**Aim of the exercise:**
For each line of the data that includes the word "Cuts", copy the line.

**Exercise inputs:**
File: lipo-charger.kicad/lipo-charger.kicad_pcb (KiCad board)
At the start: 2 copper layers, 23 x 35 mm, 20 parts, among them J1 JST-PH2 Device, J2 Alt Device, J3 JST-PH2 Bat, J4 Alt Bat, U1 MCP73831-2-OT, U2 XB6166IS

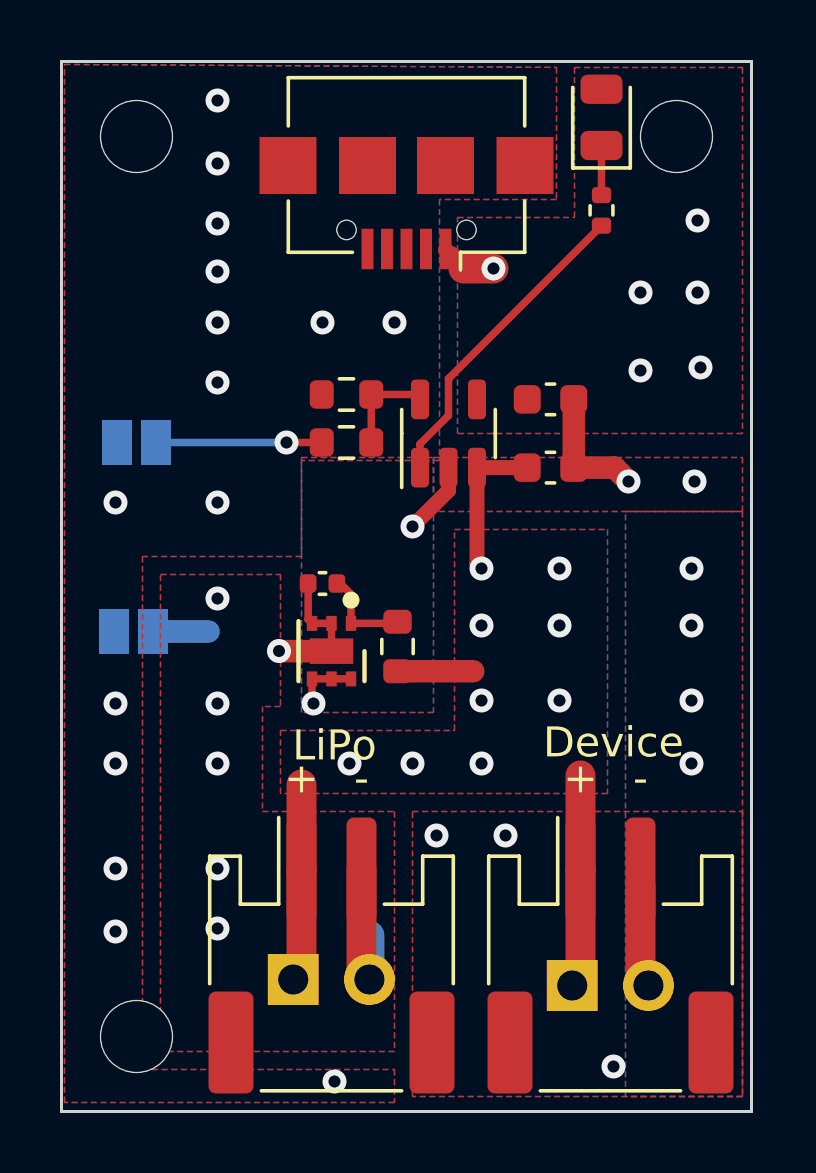
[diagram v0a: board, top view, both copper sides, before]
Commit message: Rev 0.91: remove alternative connectors for LiPo and device
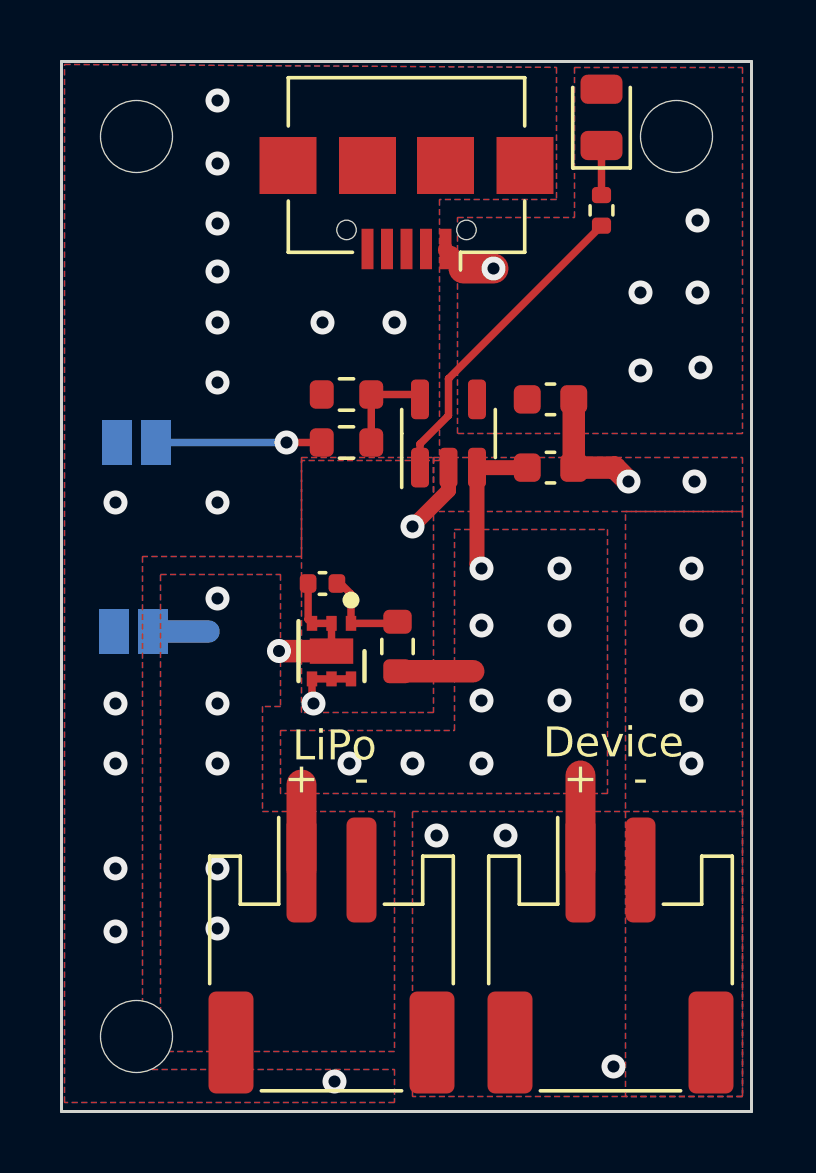
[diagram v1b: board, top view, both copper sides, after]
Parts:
- removed J2: Alt Device, Connector_PinHeader_2.54mm:PinHeader_1x02_P2.54mm_Vertical
- removed J4: Alt Bat, Connector_PinHeader_2.54mm:PinHeader_1x02_P2.54mm_Vertical
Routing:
- net +BATT: track 21.4 -> 13.6 mm
- net -BATT: track 11.8 -> 6.56 mm
- net GND: track 12.7 -> 9.27 mm
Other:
- board text added: "https://github.com/bablokb/ pcb-lipo-charger Rev: 0.91"
- board text removed: "https://github.com/bablokb/ pcb-lipo-charger Rev: 0.9"
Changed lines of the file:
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@@
     (pad "" np_thru_hole circle (at 0 0) (size 2.4 2.4) (drill 2.4) (layers F&B.Cu *.Mask))
-  )
-  (footprint "Connector_PinHeader_2.54mm:PinHeader_1x02_P2.54mm_Vertical" (layer "B.Cu")
-    (at 117.025 130.8 -90)
-    (descr "Through hole straight pin header, 1x02, 2.54mm pitch, single row")
-    (tags "Through hole pin header THT 1x02 2.54mm single row")
-    (property "Sheetfile" "lipo-charger.kicad_sch")
-    (property "Sheetname" "")
-    (property "exclude_from_bom" "")
-    (attr through_hole exclude_from_bom)
-    (fp_text reference "J2" (at -2.1 -1.275 180) (layer "B.SilkS") hide
-      (effects (font (size 1 1) (thickness 0.15)) (justify mirror))
-    )
-    (fp_text value "Alt Device" (at 0 -4.87 90) (layer "B.Fab") hide
-      (effects (font (size 1 1) (thickness 0.15)) (justify mirror))
-    )
-    (fp_text user "${REFERENCE}" (at 0 -1.27) (layer "B.Fab")
-      (effects (font (size 1 1) (thickness 0.15)) (justify mirror))
-    )
-    (fp_line (start 1.33 -1.27) (end 1.33 -3.87) (layer "B.SilkS") (width 0.12))
-    (fp_line (start -1.33 1.33) (end 0 1.33) (layer "B.SilkS") (width 0.12))
-    (fp_line (start -1.33 -1.27) (end 1.33 -1.27) (layer "B.SilkS") (width 0.12))
-    (fp_line (start -1.33 -3.87) (end 1.33 -3.87) (layer "B.SilkS") (width 0.12))
-    (fp_line (start -1.33 -1.27) (end -1.33 -3.87) (layer "B.SilkS") (width 0.12))
-    (fp_line (start -1.33 0) (end -1.33 1.33) (layer "B.SilkS") (width 0.12))
-    (fp_line (start -1.8 -4.35) (end 1.8 -4.35) (layer "B.CrtYd") (width 0.05))
-    (fp_line (start 1.8 1.8) (end -1.8 1.8) (layer "B.CrtYd") (width 0.05))
-    (fp_line (start -1.8 1.8) (end -1.8 -4.35) (layer "B.CrtYd") (width 0.05))
-    (fp_line (start 1.8 -4.35) (end 1.8 1.8) (layer "B.CrtYd") (width 0.05))
-    (fp_line (start 1.27 1.27) (end 1.27 -3.81) (layer "B.Fab") (width 0.1))
-    (fp_line (start -0.635 1.27) (end 1.27 1.27) (layer "B.Fab") (width 0.1))
-    (fp_line (start -1.27 -3.81) (end -1.27 0.635) (layer "B.Fab") (width 0.1))
-    (fp_line (start -1.27 0.635) (end -0.635 1.27) (layer "B.Fab") (width 0.1))
-    (fp_line (start 1.27 -3.81) (end -1.27 -3.81) (layer "B.Fab") (width 0.1))
-    (pad "1" thru_hole rect (at 0 0 270) (size 1.7 1.7) (drill 1) (layers *.Cu *.Mask)
-      (net 3 "+BATT") (pinfunction "Pin_1") (pintype "passive"))
-    (pad "2" thru_hole oval (at 0 -2.54 270) (size 1.7 1.7) (drill 1) (layers *.Cu *.Mask)
-      (net 2 "GND") (pinfunction "Pin_2") (pintype "passive"))
-    (model "${KICAD6_3DMODEL_DIR}/Connector_PinHeader_2.54mm.3dshapes/PinHeader_1x02_P2.54mm_Vertical.wrl"
-      (offset (xyz 0 0 0))
-      (scale (xyz 1 1 1))
-      (rotate (xyz 0 0 0))
-    )
-  )
-  (footprint "Connector_PinHeader_2.54mm:PinHeader_1x02_P2.54mm_Vertical" (layer "B.Cu")
-    (at 107.725 130.6 -90)
-    (descr "Through hole straight pin header, 1x02, 2.54mm pitch, single row")
-    (tags "Through hole pin header THT 1x02 2.54mm single row")
-    (property "Sheetfile" "lipo-charger.kicad_sch")
-    (property "Sheetname" "")
-    (property "exclude_from_bom" "")
-    (attr through_hole exclude_from_bom)
-    (fp_text reference "J4" (at -2.05 -1.125 180) (layer "B.SilkS") hide
-      (effects (font (size 1 1) (thickness 0.15)) (justify mirror))
-    )
-    (fp_text value "Alt Bat" (at 0 -4.87 90) (layer "B.Fab") hide
-      (effects (font (size 1 1) (thickness 0.15)) (justify mirror))
-    )
-    (fp_text user "${REFERENCE}" (at 0 -1.27) (layer "B.Fab")
-      (effects (font (size 1 1) (thickness 0.15)) (justify mirror))
-    )
-    (fp_line (start -1.33 1.33) (end 0 1.33) (layer "B.SilkS") (width 0.12))
-    (fp_line (start 1.33 -1.27) (end 1.33 -3.87) (layer "B.SilkS") (width 0.12))
-    (fp_line (start -1.33 -3.87) (end 1.33 -3.87) (layer "B.SilkS") (width 0.12))
-    (fp_line (start -1.33 0) (end -1.33 1.33) (layer "B.SilkS") (width 0.12))
-    (fp_line (start -1.33 -1.27) (end -1.33 -3.87) (layer "B.SilkS") (width 0.12))
-    (fp_line (start -1.33 -1.27) (end 1.33 -1.27) (layer "B.SilkS") (width 0.12))
-    (fp_line (start 1.8 -4.35) (end 1.8 1.8) (layer "B.CrtYd") (width 0.05))
-    (fp_line (start 1.8 1.8) (end -1.8 1.8) (layer "B.CrtYd") (width 0.05))
-    (fp_line (start -1.8 1.8) (end -1.8 -4.35) (layer "B.CrtYd") (width 0.05))
-    (fp_line (start -1.8 -4.35) (end 1.8 -4.35) (layer "B.CrtYd") (width 0.05))
-    (fp_line (start -0.635 1.27) (end 1.27 1.27) (layer "B.Fab") (width 0.1))
-    (fp_line (start 1.27 -3.81) (end -1.27 -3.81) (layer "B.Fab") (width 0.1))
-    (fp_line (start -1.27 0.635) (end -0.635 1.27) (layer "B.Fab") (width 0.1))
-    (fp_line (start -1.27 -3.81) (end -1.27 0.635) (layer "B.Fab") (width 0.1))
-    (fp_line (start 1.27 1.27) (end 1.27 -3.81) (layer "B.Fab") (width 0.1))
-    (pad "1" thru_hole rect (at 0 0 270) (size 1.7 1.7) (drill 1) (layers *.Cu *.Mask)
-      (net 3 "+BATT") (pinfunction "Pin_1") (pintype "passive"))
-    (pad "2" thru_hole oval (at 0 -2.54 270) (size 1.7 1.7) (drill 1) (layers *.Cu *.Mask)
-      (net 5 "-BATT") (pinfunction "Pin_2") (pintype "passive"))
-    (model "${KICAD6_3DMODEL_DIR}/Connector_PinHeader_2.54mm.3dshapes/PinHeader_1x02_P2.54mm_Vertical.wrl"
-      (offset (xyz 0 0 0))
-      (scale (xyz 1 1 1))
-      (rotate (xyz 0 0 0))
-    )
   )
   (footprint "Jumper:SolderJumper-2_P1.3mm_Open_Pad1.0x1.5mm" (layer "B.Cu")
@@
   (gr_line (start 100 135) (end 100 100) (layer "Edge.Cuts") (width 0.1))
   (gr_line (start 123 135) (end 100 135) (layer "Edge.Cuts") (width 0.1))
-  (gr_text "https://github.com/bablokb/\n  pcb-lipo-charger\nRev: 0.9" (at 121.8 106.2) (layer "B.SilkS")
+  (gr_text "https://github.com/bablokb/\n  pcb-lipo-charger\nRev: 0.91" (at 121.8 106.2) (layer "B.SilkS")
     (effects (font (size 0.9 0.9) (thickness 0.15)) (justify left mirror))
-  )
-  (gr_text "Device" (at 118.3 126.8) (layer "B.SilkS")
-    (effects (font (size 1 1) (thickness 0.15)) (justify mirror))
-  )
-  (gr_text "-" (at 110.3 128.6 180) (layer "B.SilkS")
-    (effects (font (size 1 1) (thickness 0.15)) (justify mirror))
   )
   (gr_text "No\nProtect" (at 102.4 120.3 270) (layer "B.SilkS")
@@
     (effects (font (size 1 1) (thickness 0.15)) (justify left mirror))
   )
-  (gr_text "+" (at 107.7 128.6 180) (layer "B.SilkS")
-    (effects (font (size 1 1) (thickness 0.15)) (justify mirror))
-  )
-  (gr_text "LiPo" (at 109 126.9) (layer "B.SilkS")
-    (effects (font (size 1 1) (thickness 0.15)) (justify mirror))
-  )
-  (gr_text "-" (at 119.6 128.6 180) (layer "B.SilkS")
-    (effects (font (size 1 1) (thickness 0.15)) (justify mirror))
-  )
   (gr_text "I charge: 200mA\nI fast:    500mA\n\nI load: 900mA max" (at 121.7 118.2) (layer "B.SilkS")
     (effects (font (size 1 1) (thickness 0.15)) (justify left mirror))
-  )
-  (gr_text "+" (at 117 128.6 180) (layer "B.SilkS")
-    (effects (font (size 1 1) (thickness 0.15)) (justify mirror))
   )
   (gr_text "+" (at 108 123.9) (layer "F.SilkS")
@@
   (segment (start 117.075 113.5375) (end 118.4375 113.5375) (width 0.75) (layer "F.Cu") (net 2))
   (segment (start 112.9 114.3) (end 111.7 115.5) (width 0.5) (layer "F.Cu") (net 2))
-  (segment (start 119.565 130.8) (end 119.3 130.535) (width 1) (layer "F.Cu") (net 2))
   (segment (start 112.9 113.5375) (end 112.9 114.3) (width 0.5) (layer "F.Cu") (net 2))
   (segment (start 118.4375 113.5375) (end 118.9 114) (width 0.75) (layer "F.Cu") (net 2))
@@
   (segment (start 117.075 113.5375) (end 117.075 111.2625) (width 0.75) (layer "F.Cu") (net 2))
   (segment (start 109.65 120.579304) (end 108.35 120.579304) (width 0.25) (layer "F.Cu") (net 2))
-  (segment (start 119.3 130.535) (end 119.3 127.48) (width 1) (layer "F.Cu") (net 2))
   (via (at 105.2 101.3) (size 0.8) (drill 0.4) (layers "F.Cu" "B.Cu") (free) (net 2))
   (via (at 105.2 110.7) (size 0.8) (drill 0.4) (layers "F.Cu" "B.Cu") (free) (net 2))
@@
   (segment (start 113.85 113.5375) (end 115.525 113.5375) (width 0.5) (layer "F.Cu") (net 3))
   (segment (start 117.3 126.95) (end 117.3 123.8) (width 1) (layer "F.Cu") (net 3))
-  (segment (start 108 130.325) (end 107.725 130.6) (width 1) (layer "F.Cu") (net 3))
-  (segment (start 117.3 126.95) (end 117.3 130.525) (width 1) (layer "F.Cu") (net 3))
-  (segment (start 117.3 130.525) (end 117.025 130.8) (width 1) (layer "F.Cu") (net 3))
-  (segment (start 108 126.95) (end 108 130.325) (width 1) (layer "F.Cu") (net 3))
   (segment (start 108 126.95) (end 108 124.1) (width 1) (layer "F.Cu") (net 3))
   (segment (start 113.85 113.5375) (end 113.85 116.75) (width 0.5) (layer "F.Cu") (net 3))
@@
   (segment (start 109.65 118.729304) (end 111.145696 118.729304) (width 0.25) (layer "F.Cu") (net 4))
   (segment (start 109.18 117.4) (end 109.3 117.4) (width 0.25) (layer "F.Cu") (net 4))
-  (segment (start 110 130.335) (end 110 126.95) (width 1) (layer "F.Cu") (net 5))
   (segment (start 108.22 117.4) (end 108.22 118.599304) (width 0.25) (layer "F.Cu") (net 5))
-  (segment (start 110.265 130.6) (end 110 130.335) (width 1) (layer "F.Cu") (net 5))
   (segment (start 108.35 118.729304) (end 109 118.729304) (width 0.25) (layer "F.Cu") (net 5))
   (segment (start 108.22 118.599304) (end 108.35 118.729304) (width 0.25) (layer "F.Cu") (net 5))
@@
   (via (at 105.2 128.9) (size 0.8) (drill 0.4) (layers "F.Cu" "B.Cu") (free) (net 5))
   (segment (start 103.05 119) (end 104.9 119) (width 0.75) (layer "B.Cu") (net 5))
-  (segment (start 110.265 130.6) (end 110.265 129.135) (width 1) (layer "B.Cu") (net 5))
   (segment (start 118 104.4525) (end 118 102.8) (width 0.25) (layer "F.Cu") (net 6))
   (segment (start 108.675 112.7) (end 107.5 112.7) (width 0.25) (layer "F.Cu") (net 7))

**Output:**
   (gr_line (start 100 135) (end 100 100) (layer "Edge.Cuts") (width 0.1))
   (gr_line (start 123 135) (end 100 135) (layer "Edge.Cuts") (width 0.1))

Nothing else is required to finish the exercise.